> [WORK TASK] Please reproduce, exactly as given, the lines running from the start of the data to the line containing "#613 = VECTOR ( 'NONE', #5588, 39.37008 ) ;", inclusive, and omit the pictures.
----
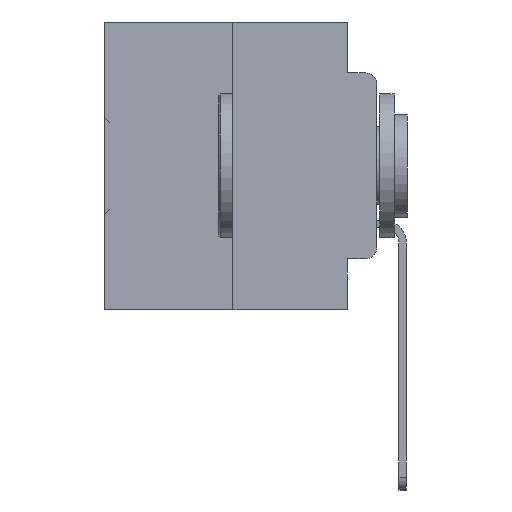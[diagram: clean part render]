
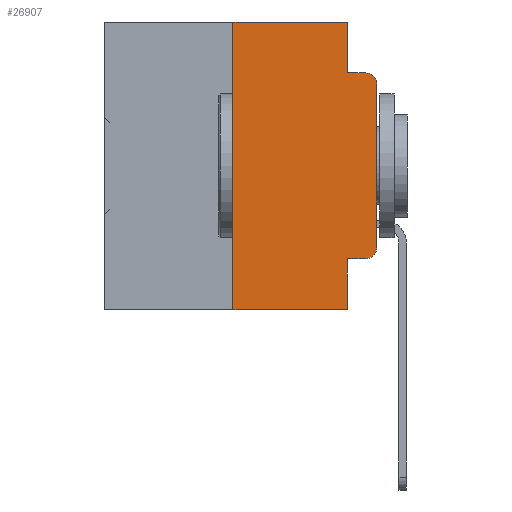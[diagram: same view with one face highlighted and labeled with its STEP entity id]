
A CAD part, left-side view. The second image highlights one B-rep face of the part: STEP entity #26907.
In plain terms, the highlighted planar face has unit normal (-1, 0, 0).
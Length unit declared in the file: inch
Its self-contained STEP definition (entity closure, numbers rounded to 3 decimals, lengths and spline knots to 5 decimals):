
#470 = CARTESIAN_POINT ( 'NONE',  ( 0., 0.02, -0.3915 ) ) ;
#613 = VECTOR ( 'NONE', #5588, 39.37008 ) ;
#686 = VERTEX_POINT ( 'NONE', #35198 ) ;
#1094 = DIRECTION ( 'NONE',  ( 0., -1., 0. ) ) ;
#1345 = EDGE_CURVE ( 'NONE', #29717, #2391, #27174, .T. ) ;
#1527 = EDGE_CURVE ( 'NONE', #6058, #3584, #21693, .T. ) ;
#1631 = CARTESIAN_POINT ( 'NONE',  ( 0., 0., -0.3915 ) ) ;
#2391 = VERTEX_POINT ( 'NONE', #14965 ) ;
#2486 = PLANE ( 'NONE',  #23431 ) ;
#2553 = CARTESIAN_POINT ( 'NONE',  ( 0., 0.051, -0.0885 ) ) ;
#2670 = DIRECTION ( 'NONE',  ( 0., 0., 1. ) ) ;
#2794 = CARTESIAN_POINT ( 'NONE',  ( 0., 0.051, -0.5 ) ) ;
#3503 = DIRECTION ( 'NONE',  ( 0., 0., -1. ) ) ;
#3542 = EDGE_CURVE ( 'NONE', #24863, #29717, #19284, .T. ) ;
#3584 = VERTEX_POINT ( 'NONE', #2794 ) ;
#4838 = VERTEX_POINT ( 'NONE', #9266 ) ;
#5111 = DIRECTION ( 'NONE',  ( 0., 0., -1. ) ) ;
#5588 = DIRECTION ( 'NONE',  ( 0., -1., 0. ) ) ;
#6058 = VERTEX_POINT ( 'NONE', #32359 ) ;
#6089 = VECTOR ( 'NONE', #19619, 39.37008 ) ;
#6970 = DIRECTION ( 'NONE',  ( -1., 0., 0. ) ) ;
#8118 = CARTESIAN_POINT ( 'NONE',  ( 0., 0.051, 0. ) ) ;
#9266 = CARTESIAN_POINT ( 'NONE',  ( 0., 0., -0.1085 ) ) ;
#10551 = AXIS2_PLACEMENT_3D ( 'NONE', #24502, #6970, #27440 ) ;
#11460 = DIRECTION ( 'NONE',  ( 0., 0., -1. ) ) ;
#11468 = VECTOR ( 'NONE', #2670, 39.37008 ) ;
#11485 = VECTOR ( 'NONE', #33435, 39.37008 ) ;
#11530 = EDGE_CURVE ( 'NONE', #2391, #686, #30061, .T. ) ;
#11580 = DIRECTION ( 'NONE',  ( 0., -1., 0. ) ) ;
#11626 = VECTOR ( 'NONE', #11580, 39.37008 ) ;
#12413 = LINE ( 'NONE', #27789, #11485 ) ;
#12861 = CARTESIAN_POINT ( 'NONE',  ( 0., 0.25, -0.5 ) ) ;
#14965 = CARTESIAN_POINT ( 'NONE',  ( 0., 0.051, 0. ) ) ;
#17239 = EDGE_CURVE ( 'NONE', #24863, #3584, #12413, .T. ) ;
#17511 = CARTESIAN_POINT ( 'NONE',  ( 0., 0.051, -0.4115 ) ) ;
#18650 = EDGE_LOOP ( 'NONE', ( #21019, #21481, #22123, #22238, #22617, #22742, #22919, #23265, #23337, #23734 ) ) ;
#19284 = LINE ( 'NONE', #31901, #11468 ) ;
#19445 = LINE ( 'NONE', #17511, #11626 ) ;
#19619 = DIRECTION ( 'NONE',  ( 0., 0., -1. ) ) ;
#21019 = ORIENTED_EDGE ( 'NONE', *, *, #34932, .T. ) ;
#21175 = DIRECTION ( 'NONE',  ( -1., 0., 0. ) ) ;
#21481 = ORIENTED_EDGE ( 'NONE', *, *, #31052, .T. ) ;
#21693 = LINE ( 'NONE', #34034, #6089 ) ;
#21765 = CARTESIAN_POINT ( 'NONE',  ( 0., 0.473, 0. ) ) ;
#22038 = LINE ( 'NONE', #24566, #36523 ) ;
#22123 = ORIENTED_EDGE ( 'NONE', *, *, #25230, .F. ) ;
#22238 = ORIENTED_EDGE ( 'NONE', *, *, #11530, .F. ) ;
#22617 = ORIENTED_EDGE ( 'NONE', *, *, #1345, .F. ) ;
#22742 = ORIENTED_EDGE ( 'NONE', *, *, #3542, .F. ) ;
#22919 = ORIENTED_EDGE ( 'NONE', *, *, #17239, .T. ) ;
#23265 = ORIENTED_EDGE ( 'NONE', *, *, #1527, .F. ) ;
#23337 = ORIENTED_EDGE ( 'NONE', *, *, #33693, .T. ) ;
#23431 = AXIS2_PLACEMENT_3D ( 'NONE', #26035, #28946, #11460 ) ;
#23456 = CARTESIAN_POINT ( 'NONE',  ( 0., 0.25, 0. ) ) ;
#23691 = CARTESIAN_POINT ( 'NONE',  ( 0., 0.02, -0.4115 ) ) ;
#23734 = ORIENTED_EDGE ( 'NONE', *, *, #29828, .T. ) ;
#24151 = LINE ( 'NONE', #2553, #613 ) ;
#24502 = CARTESIAN_POINT ( 'NONE',  ( 0., 0.02, -0.1085 ) ) ;
#24566 = CARTESIAN_POINT ( 'NONE',  ( 0., 0., 0. ) ) ;
#24863 = VERTEX_POINT ( 'NONE', #12861 ) ;
#25230 = EDGE_CURVE ( 'NONE', #686, #30624, #24151, .T. ) ;
#25957 = AXIS2_PLACEMENT_3D ( 'NONE', #470, #21175, #3503 ) ;
#26035 = CARTESIAN_POINT ( 'NONE',  ( 0., 0.473, 0. ) ) ;
#26907 = ADVANCED_FACE ( 'NONE', ( #34431 ), #2486, .F. ) ;
#27174 = LINE ( 'NONE', #21765, #34863 ) ;
#27364 = VERTEX_POINT ( 'NONE', #1631 ) ;
#27440 = DIRECTION ( 'NONE',  ( 0., 0., -1. ) ) ;
#27493 = DIRECTION ( 'NONE',  ( 0., 0., 1. ) ) ;
#27789 = CARTESIAN_POINT ( 'NONE',  ( 0., 0.473, -0.5 ) ) ;
#27849 = CARTESIAN_POINT ( 'NONE',  ( 0., 0.02, -0.0885 ) ) ;
#28946 = DIRECTION ( 'NONE',  ( 1., 0., 0. ) ) ;
#29175 = VECTOR ( 'NONE', #5111, 39.37008 ) ;
#29717 = VERTEX_POINT ( 'NONE', #23456 ) ;
#29828 = EDGE_CURVE ( 'NONE', #36398, #27364, #34638, .T. ) ;
#30061 = LINE ( 'NONE', #8118, #29175 ) ;
#30472 = CIRCLE ( 'NONE', #10551, 0.02 ) ;
#30624 = VERTEX_POINT ( 'NONE', #27849 ) ;
#31052 = EDGE_CURVE ( 'NONE', #4838, #30624, #30472, .T. ) ;
#31901 = CARTESIAN_POINT ( 'NONE',  ( 0., 0.25, 0. ) ) ;
#32359 = CARTESIAN_POINT ( 'NONE',  ( 0., 0.051, -0.4115 ) ) ;
#33435 = DIRECTION ( 'NONE',  ( 0., -1., 0. ) ) ;
#33693 = EDGE_CURVE ( 'NONE', #6058, #36398, #19445, .T. ) ;
#34034 = CARTESIAN_POINT ( 'NONE',  ( 0., 0.051, 0. ) ) ;
#34431 = FACE_OUTER_BOUND ( 'NONE', #18650, .T. ) ;
#34638 = CIRCLE ( 'NONE', #25957, 0.02 ) ;
#34863 = VECTOR ( 'NONE', #1094, 39.37008 ) ;
#34932 = EDGE_CURVE ( 'NONE', #27364, #4838, #22038, .T. ) ;
#35198 = CARTESIAN_POINT ( 'NONE',  ( 0., 0.051, -0.0885 ) ) ;
#36398 = VERTEX_POINT ( 'NONE', #23691 ) ;
#36523 = VECTOR ( 'NONE', #27493, 39.37008 ) ;
----
> [WRITTEN RESPONSE]
[diagram: clean part render]
[diagram: same view with one face highlighted and labeled with its STEP entity id]
A CAD part, left-side view. The second image highlights one B-rep face of the part: STEP entity #26907.
In plain terms, the highlighted planar face has unit normal (-1, 0, 0).
Length unit declared in the file: inch
Its self-contained STEP definition (entity closure, numbers rounded to 3 decimals, lengths and spline knots to 5 decimals):
#470 = CARTESIAN_POINT ( 'NONE',  ( 0., 0.02, -0.3915 ) ) ;
#613 = VECTOR ( 'NONE', #5588, 39.37008 ) ;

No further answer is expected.